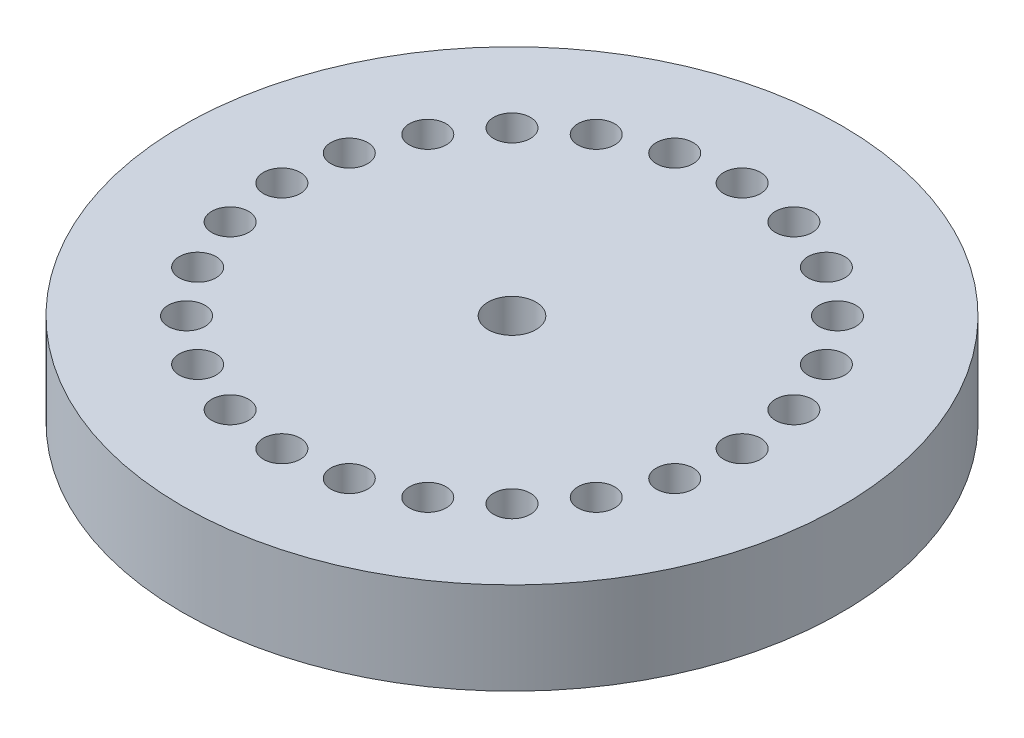
from build123d import *

# Parameters (mm, degrees)
SKETCH1_R                                        = 45.466
BOSS_EXTRUDE1_DEPTH                              = 25.4
SKETCH3_R                                        = 20.32
CUT_EXTRUDE1_DEPTH                               = 12.7
CSK_FOR_1_4_FLAT_HEAD_MACHINE_SCREW1_D           = 6.5278
CSK_FOR_1_4_FLAT_HEAD_MACHINE_SCREW1_DEPTH       = 25.4
CSK_FOR_1_4_FLAT_HEAD_MACHINE_SCREW1_CSINK_D     = 12.8778
CSK_FOR_1_4_FLAT_HEAD_MACHINE_SCREW1_CSINK_ANGLE = 82
CSK_FOR_1_4_FLAT_HEAD_MACHINE_SCREW1_TIP         = 1.961148974
SKETCH8_R                                        = 46.955588052
CUT_EXTRUDE2_DEPTH                               = 12.7
SKETCH4_R                                        = 1.778
CUT_EXTRUDE3_DEPTH                               = 66.540859866
SKETCH9_R                                        = 2.54
CUT_EXTRUDE4_DEPTH                               = 5.08
CIRPATTERN1_COUNT                                = 24
SKETCH10_R                                       = 22.834776664
BOSS_EXTRUDE2_DEPTH                              = 5.08
SKETCH11_R                                       = 3.302
CUT_EXTRUDE5_DEPTH                               = 66.540859866


with BuildPart() as part:
    # Sketch1 → Boss-Extrude1 (new body)
    with BuildSketch(Plane(origin=(0, 0, 0), x_dir=(1, 0, 0), z_dir=(0, 1, 0))):
        Circle(SKETCH1_R)
    extrude(amount=BOSS_EXTRUDE1_DEPTH)

    # Sketch3 → Cut-Extrude1 (cut)
    with BuildSketch(Plane.XZ):
        Circle(SKETCH3_R)
    extrude(amount=-CUT_EXTRUDE1_DEPTH, mode=Mode.SUBTRACT)

    # CSK for 1/4 Flat Head Machine Screw1
    with Locations(Plane(origin=(0, 25.4, 0), x_dir=(1, 0, 0), z_dir=(0, 1, 0))):
        with Locations((0, 0)):
            CounterSinkHole(CSK_FOR_1_4_FLAT_HEAD_MACHINE_SCREW1_D / 2, CSK_FOR_1_4_FLAT_HEAD_MACHINE_SCREW1_CSINK_D / 2, depth=CSK_FOR_1_4_FLAT_HEAD_MACHINE_SCREW1_DEPTH, counter_sink_angle=CSK_FOR_1_4_FLAT_HEAD_MACHINE_SCREW1_CSINK_ANGLE)
            with Locations((0, 0, -(CSK_FOR_1_4_FLAT_HEAD_MACHINE_SCREW1_DEPTH + CSK_FOR_1_4_FLAT_HEAD_MACHINE_SCREW1_TIP / 2))):  # 118° drill point
                Cone(0, CSK_FOR_1_4_FLAT_HEAD_MACHINE_SCREW1_D / 2, CSK_FOR_1_4_FLAT_HEAD_MACHINE_SCREW1_TIP, mode=Mode.SUBTRACT)

    # Sketch8 → Cut-Extrude2 (cut)
    with BuildSketch(Plane(origin=(0, 25.4, 0), x_dir=(1, 0, 0), z_dir=(0, 1, 0))):
        Circle(SKETCH8_R)
    extrude(amount=-CUT_EXTRUDE2_DEPTH, mode=Mode.SUBTRACT)

    # Sketch4 → Cut-Extrude3 (cut, through all)
    with BuildSketch(Plane.XZ):
        with Locations((0, 31.75)):
            Circle(SKETCH4_R)
    cut_extrude3 = extrude(amount=-CUT_EXTRUDE3_DEPTH, mode=Mode.SUBTRACT)

    # Sketch9 → Cut-Extrude4 (cut)
    with BuildSketch(Plane(origin=(0, 12.7, 0), x_dir=(1, 0, 0), z_dir=(0, 1, 0))):
        with Locations((0, -31.75)):
            Circle(SKETCH9_R)
    cut_extrude4 = extrude(amount=-CUT_EXTRUDE4_DEPTH, mode=Mode.SUBTRACT)

    # CirPattern1: Cut-Extrude3, Cut-Extrude4 ×24 about axis
    cirpattern1_axis = Axis((0, 12.7, 0), (0, -1, 0))
    add([cut_extrude3.rotate(cirpattern1_axis, i * 360 / CIRPATTERN1_COUNT) for i in range(1, CIRPATTERN1_COUNT)], mode=Mode.SUBTRACT)
    add([cut_extrude4.rotate(cirpattern1_axis, i * 360 / CIRPATTERN1_COUNT) for i in range(1, CIRPATTERN1_COUNT)], mode=Mode.SUBTRACT)

    # Sketch10 → Boss-Extrude2 (add)
    with BuildSketch(Plane(origin=(0, 12.7, 0), x_dir=(1, 0, 0), z_dir=(0, 1, 0))):
        Circle(SKETCH10_R)
    extrude(amount=-BOSS_EXTRUDE2_DEPTH)

    # Sketch11 → Cut-Extrude5 (cut, through all)
    with BuildSketch(Plane(origin=(0, 12.7, 0), x_dir=(1, 0, 0), z_dir=(0, 1, 0))):
        Circle(SKETCH11_R)
    extrude(amount=-CUT_EXTRUDE5_DEPTH, mode=Mode.SUBTRACT)


solid = part.part
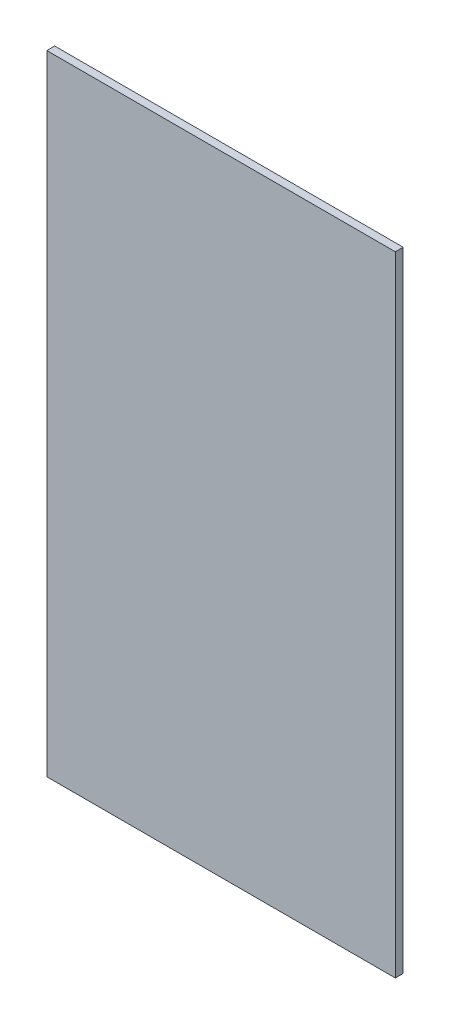
from build123d import *

# Parameters (mm, degrees)
ESQUISSE1_W        = 133
ESQUISSE1_H        = 240
BOSS_EXTRU_1_DEPTH = 3


with BuildPart() as part:
    # Esquisse1 → Boss.-Extru.1 (new body)
    with BuildSketch(Plane.XY):
        with Locations((3.58976766, -70.682741117)):
            Rectangle(ESQUISSE1_W, ESQUISSE1_H)
    extrude(amount=BOSS_EXTRU_1_DEPTH)


solid = part.part

- [EXERCISE INSTRUCTIONS]: The answer must restate each entry word for word and contain no images.

- [ANSWER SPACE]:
from build123d import *

# Parameters (mm, degrees)
SKETCH1_R                                        = 45.466
BOSS_EXTRUDE1_DEPTH                              = 25.4
SKETCH3_R                                        = 20.32
CUT_EXTRUDE1_DEPTH                               = 12.7
CSK_FOR_1_4_FLAT_HEAD_MACHINE_SCREW1_D           = 6.5278
CSK_FOR_1_4_FLAT_HEAD_MACHINE_SCREW1_DEPTH       = 25.4
CSK_FOR_1_4_FLAT_HEAD_MACHINE_SCREW1_CSINK_D     = 12.8778
CSK_FOR_1_4_FLAT_HEAD_MACHINE_SCREW1_CSINK_ANGLE = 82
CSK_FOR_1_4_FLAT_HEAD_MACHINE_SCREW1_TIP         = 1.961148974
SKETCH8_R                                        = 46.955588052
CUT_EXTRUDE2_DEPTH                               = 12.7
SKETCH4_R                                        = 1.778
CUT_EXTRUDE3_DEPTH                               = 66.540859866
SKETCH9_R                                        = 2.54
CUT_EXTRUDE4_DEPTH                               = 5.08
CIRPATTERN1_COUNT                                = 24
SKETCH10_R                                       = 22.834776664
BOSS_EXTRUDE2_DEPTH                              = 5.08
SKETCH11_R                                       = 3.302
CUT_EXTRUDE5_DEPTH                               = 66.540859866


with BuildPart() as part:
    # Sketch1 → Boss-Extrude1 (new body)
    with BuildSketch(Plane(origin=(0, 0, 0), x_dir=(1, 0, 0), z_dir=(0, 1, 0))):
        Circle(SKETCH1_R)
    extrude(amount=BOSS_EXTRUDE1_DEPTH)

    # Sketch3 → Cut-Extrude1 (cut)
    with BuildSketch(Plane.XZ):
        Circle(SKETCH3_R)
    extrude(amount=-CUT_EXTRUDE1_DEPTH, mode=Mode.SUBTRACT)

    # CSK for 1/4 Flat Head Machine Screw1
    with Locations(Plane(origin=(0, 25.4, 0), x_dir=(1, 0, 0), z_dir=(0, 1, 0))):
        with Locations((0, 0)):
            CounterSinkHole(CSK_FOR_1_4_FLAT_HEAD_MACHINE_SCREW1_D / 2, CSK_FOR_1_4_FLAT_HEAD_MACHINE_SCREW1_CSINK_D / 2, depth=CSK_FOR_1_4_FLAT_HEAD_MACHINE_SCREW1_DEPTH, counter_sink_angle=CSK_FOR_1_4_FLAT_HEAD_MACHINE_SCREW1_CSINK_ANGLE)
            with Locations((0, 0, -(CSK_FOR_1_4_FLAT_HEAD_MACHINE_SCREW1_DEPTH + CSK_FOR_1_4_FLAT_HEAD_MACHINE_SCREW1_TIP / 2))):  # 118° drill point
                Cone(0, CSK_FOR_1_4_FLAT_HEAD_MACHINE_SCREW1_D / 2, CSK_FOR_1_4_FLAT_HEAD_MACHINE_SCREW1_TIP, mode=Mode.SUBTRACT)

    # Sketch8 → Cut-Extrude2 (cut)
    with BuildSketch(Plane(origin=(0, 25.4, 0), x_dir=(1, 0, 0), z_dir=(0, 1, 0))):
        Circle(SKETCH8_R)
    extrude(amount=-CUT_EXTRUDE2_DEPTH, mode=Mode.SUBTRACT)

    # Sketch4 → Cut-Extrude3 (cut, through all)
    with BuildSketch(Plane.XZ):
        with Locations((0, 31.75)):
            Circle(SKETCH4_R)
    cut_extrude3 = extrude(amount=-CUT_EXTRUDE3_DEPTH, mode=Mode.SUBTRACT)

    # Sketch9 → Cut-Extrude4 (cut)
    with BuildSketch(Plane(origin=(0, 12.7, 0), x_dir=(1, 0, 0), z_dir=(0, 1, 0))):
        with Locations((0, -31.75)):
            Circle(SKETCH9_R)
    cut_extrude4 = extrude(amount=-CUT_EXTRUDE4_DEPTH, mode=Mode.SUBTRACT)

    # CirPattern1: Cut-Extrude3, Cut-Extrude4 ×24 about axis
    cirpattern1_axis = Axis((0, 12.7, 0), (0, -1, 0))
    add([cut_extrude3.rotate(cirpattern1_axis, i * 360 / CIRPATTERN1_COUNT) for i in range(1, CIRPATTERN1_COUNT)], mode=Mode.SUBTRACT)
    add([cut_extrude4.rotate(cirpattern1_axis, i * 360 / CIRPATTERN1_COUNT) for i in range(1, CIRPATTERN1_COUNT)], mode=Mode.SUBTRACT)

    # Sketch10 → Boss-Extrude2 (add)
    with BuildSketch(Plane(origin=(0, 12.7, 0), x_dir=(1, 0, 0), z_dir=(0, 1, 0))):
        Circle(SKETCH10_R)
    extrude(amount=-BOSS_EXTRUDE2_DEPTH)

    # Sketch11 → Cut-Extrude5 (cut, through all)
    with BuildSketch(Plane(origin=(0, 12.7, 0), x_dir=(1, 0, 0), z_dir=(0, 1, 0))):
        Circle(SKETCH11_R)
    extrude(amount=-CUT_EXTRUDE5_DEPTH, mode=Mode.SUBTRACT)


solid = part.part
from build123d import *

# Parameters (mm, degrees)
ESQUISSE1_W        = 133
ESQUISSE1_H        = 240
BOSS_EXTRU_1_DEPTH = 3


with BuildPart() as part:
    # Esquisse1 → Boss.-Extru.1 (new body)
    with BuildSketch(Plane.XY):
        with Locations((3.58976766, -70.682741117)):
            Rectangle(ESQUISSE1_W, ESQUISSE1_H)
    extrude(amount=BOSS_EXTRU_1_DEPTH)


solid = part.part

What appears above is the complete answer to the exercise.